One could argue, based on this example, that aerobic exercise burns nearly twice as many calories as resistance exercise, proving all those infomercials correct. But not so fast, because this assumption is based solely on a session to session comparison, with no data given for the post-workout physiological benefits. As such, one gets a false picture of what’s really going on.

And this is what the rest of the story reveals, what those tables––and those infomercials––don’t. Namely, that over time, building lean muscle tissue through resistance training can increase one’s basal metabolic rate (how many calories the body burns while at rest). And that seemingly inconspicuous physiological process can translate in BIG caloric deficit numbers.

How? Because muscle tissue is the most metabolically active tissue in the body, consuming calories on a 24/7 basis. A pound of muscle tissue will burn seven to 10 calories daily per pound. Compare that to fat, which burns two to three calories daily per pound. So remodeling the body simply by replacing a pound of fat with a pound of muscle, well, that basal metabolic rate number just goes up higher and higher.

By incorporating resistance training in your fitness regimen, you could reasonably expect to gain three to five pounds of muscle mass in three to four months. That remodeling of body tissue translates into the burning of 21 to 50 additional calories per day. And remember, that’s free caloric burn 24/7.

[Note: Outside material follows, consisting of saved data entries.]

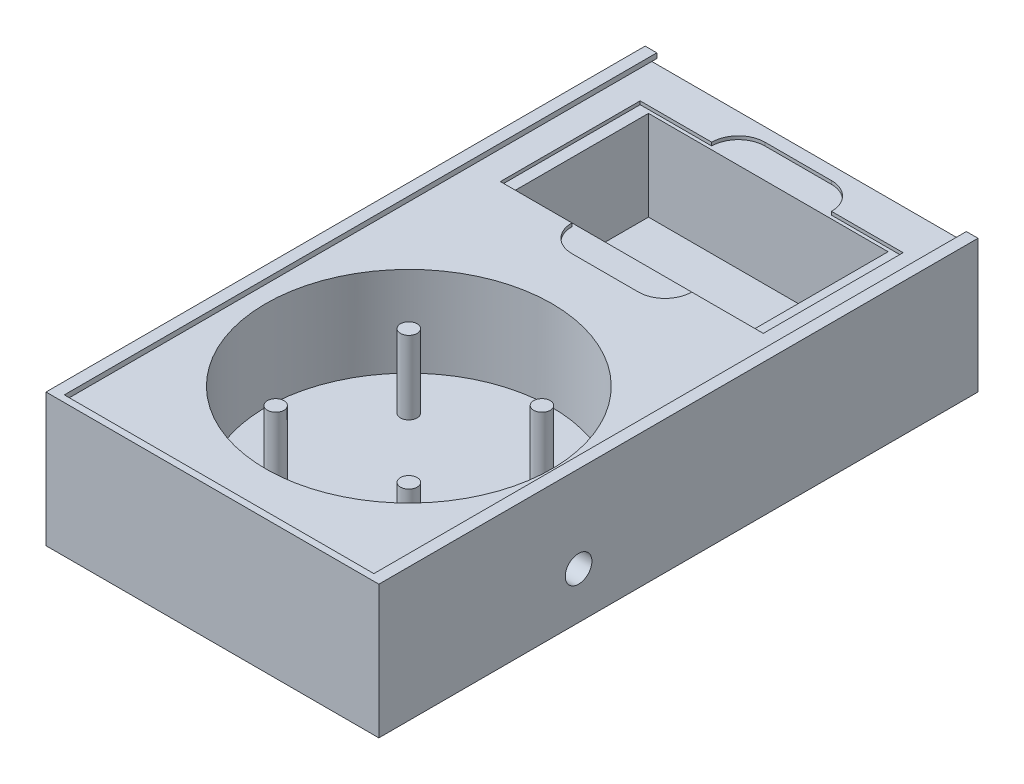
SolidWorks part; units mm, degrees
ref_plane "Front Plane" through (0, 0, 0) normal (0, 0, 1) x (1, 0, 0)
ref_plane "Top Plane" through (0, 0, 0) normal (0, 1, 0) x (1, 0, 0)
ref_plane "Right Plane" through (0, 0, 0) normal (1, 0, 0) x (0, 0, -1)
sketch "草图1" plane through (0, 0, 0) normal (0, 1, 0) x (1, 0, 0)
  line L1 (-50, -90) -> (50, -90)
  line L2 (-50, -90) -> (-50, 90)
  line L3 (-50, 90) -> (50, 90)
  line L4 (50, -90) -> (50, 90)
  line L5 (-50, -90) -> (50, 90) construction
  line L6 (-50, 90) -> (50, -90) construction
  point P0 (0, 0)
  dimension "D1" = 100
  dimension "D2" = 180
extrude "凸台-拉伸1" add sketch "草图1" along normal blind 40
sketch "草图2" plane through (0, 40, 0) normal (0, 1, 0) x (1, 0, 0)
  line L0 (0, -103.2924) -> (0, 143.3074) construction
  line L1 (-39.5, 36) -> (39.5, 36)
  line L2 (-39.5, 36) -> (-39.5, 78)
  line L3 (-39.5, 78) -> (39.5, 78)
  line L4 (39.5, 36) -> (39.5, 78)
  line L5 (-39.5, 36) -> (39.5, 78) construction
  line L6 (-39.5, 78) -> (39.5, 36) construction
  line L7 (50, 90) -> (-50, 90) construction
  circle A0 centre (0, -31) radius 43
  point P0 (0, 57)
  dimension "D3" = 86
  dimension "D4" = 24
  dimension "D1" = 79
  dimension "D2" = 42
  dimension "D5" = 12
extrude "切除-拉伸1" cut sketch "草图2" against normal blind 4 contours L1 L4 L3 L2 | L2 L1 L4 L3 region at (0, 40, -57)
sketch "草图3" plane through (0, 36, 0) normal (0, 1, 0) x (1, 0, 0)
  line L0 (0, -98.5472) -> (0, 107.168) construction
  line L1 (-39.5, 78) -> (39.5, 78) construction
  line L2 (-36, 37) -> (36, 37)
  line L3 (-36, 37) -> (-36, 77)
  line L4 (-36, 77) -> (36, 77)
  line L5 (36, 37) -> (36, 77)
  line L6 (-36, 37) -> (36, 77) construction
  line L7 (-36, 77) -> (36, 37) construction
  point P2 (0, 57)
  dimension "D1" = 72
  dimension "D2" = 40
  dimension "D3" = 1
extrude "切除-拉伸2" cut sketch "草图3" against normal blind 27
extrude "切除-拉伸3" cut sketch "草图2<3>" against normal blind 30 contours A0
sketch "草图2<3>" plane through (0, 40, 0) normal (0, 1, 0) x (1, 0, 0) same geometry as "草图2"
sketch "草图4" plane through (50, 0, 0) normal (1, 0, 0) x (0, 0, -1)
  line L0 (-90, 40) -> (-90, 0) construction
  line L1 (-90, 0) -> (90, 0) construction
  circle A0 centre (-30, 14) radius 4
  dimension "D1" = 8
  dimension "D2" = 60
  dimension "D3" = 14
extrude "切除-拉伸4" cut sketch "草图4" against normal up to surface (7.2917 mm away) up to face at (0, 10, 74)
sketch "草图5" plane through (0, 10, 0) normal (0, 1, 0) x (1, 0, 0)
  line L0 (0, -137.8524) -> (0, 122.5422) construction
  line L1 (-43, -31) -> (43, -31) construction
  circle A0 centre (-20, -11) radius 2.5
  circle A1 centre (20, -11) radius 2.5
  circle A2 centre (0, -31) radius 43 construction
  circle A3 centre (0, -31) radius 43 construction
  circle A4 centre (-20, -51) radius 2.5
  circle A5 centre (20, -51) radius 2.5
  dimension "D1" = 5
  dimension "D2" = 40
  dimension "D3" = 40
extrude "凸台-拉伸2" add sketch "草图5" along normal blind 22
sketch "草图6" plane through (0, 40, 0) normal (0, 1, 0) x (1, 0, 0)
  line L0 (0, 113.4579) -> (0, -23.9307) construction
  line L2 (-10, 78) -> (10, 78) construction
  line L3 (-39.5, 78) -> (39.5, 78) construction
  line L4 (-10, 86) -> (10, 86)
  line L5 (-10, 70) -> (10, 70)
  line L6 (-39.5, 57) -> (39.5, 57) construction
  line L7 (-39.5, 36) -> (-39.5, 78) construction
  line L8 (39.5, 36) -> (39.5, 78) construction
  line L9 (-10, 36) -> (10, 36) construction
  line L10 (-10, 28) -> (10, 28)
  line L11 (-10, 44) -> (10, 44)
  arc A1 (-10, 86) -> (-10, 70) centre (-10, 78) ccw
  arc A2 (10, 70) -> (10, 86) centre (10, 78) ccw
  arc A3 (-10, 28) -> (-10, 44) centre (-10, 36) cw
  arc A4 (10, 44) -> (10, 28) centre (10, 36) cw
  point P7 (0, 78)
  point P20 (0, 36)
  dimension "D1" = 8
  dimension "D2" = 20
extrude "切除-拉伸5" cut sketch "草图6" against normal blind 4
sketch "草图8" plane through (0, 0, -90) normal (0, 0, -1) x (-1, 0, 0)
  line L0 (0, -12.4082) -> (0, 49.6461) construction
  line L2 (-50, 40) -> (50, 40) construction
  line L3 (-48.5, 37) -> (48.5, 37)
  line L5 (46.5041, 40) -> (-46.5, 40)
  line L6 (-46.5, 40) -> (-46.5, 38.5)
  line L7 (-46.5, 38.5) -> (-48.5, 38.5)
  line L8 (-48.5, 38.5) -> (-48.5, 37)
  line L9 (48.5, 38.5) -> (48.5, 37)
  line L10 (46.5, 38.5) -> (48.5, 38.5)
  line L11 (46.5, 40) -> (46.5, 38.5)
  line L12 (-50, 40) -> (-50, 0) construction
  line M10 (50, 40) -> (-50, 40)
  dimension "D1" = 1.5
  dimension "D2" = 1.5
  dimension "D3" = 2
extrude "切除-拉伸6" cut sketch "草图8" against normal offset from surface (178 mm away) 2 from offset 0 contours L0 L3 L9 L10 L11 L5 | L3 L0 L6 L7 L8 M10 region at (23.7605, 38.4842, -90) region at (-23.7605, 38.4842, -90) up to face at (0, 20, 90)

By the same token, because aerobic exercise is more of a cardiovascular activity than a musclular resistance activity, it cannot elicit that round-the-clock “calorie burning” effect on the body that resistance exercise can.

Bumping up ones basal metabolic rate can have a much more dramatic effect on the caloric burn, so much so that physiologists have determined building lean muscle tissue is actually THE key to increasing one’s metabolism.

But don’t take my word for it. There are a gazillion studies out there that support this thesis, and for the sake of brevity I’ll use results from an oft cited study, the April 2001 edition of Medicine and Science in Sports and Exercise. Researchers found that at the end of 26 weeks of resistance training, participant’s basal metabolic rates had increased by 7 percent, providing the burning of approximately 100 extra calories per day.

It’s pretty simple math really: Increased basal metabolic rate = more calories burned = weight loss. I rest my case.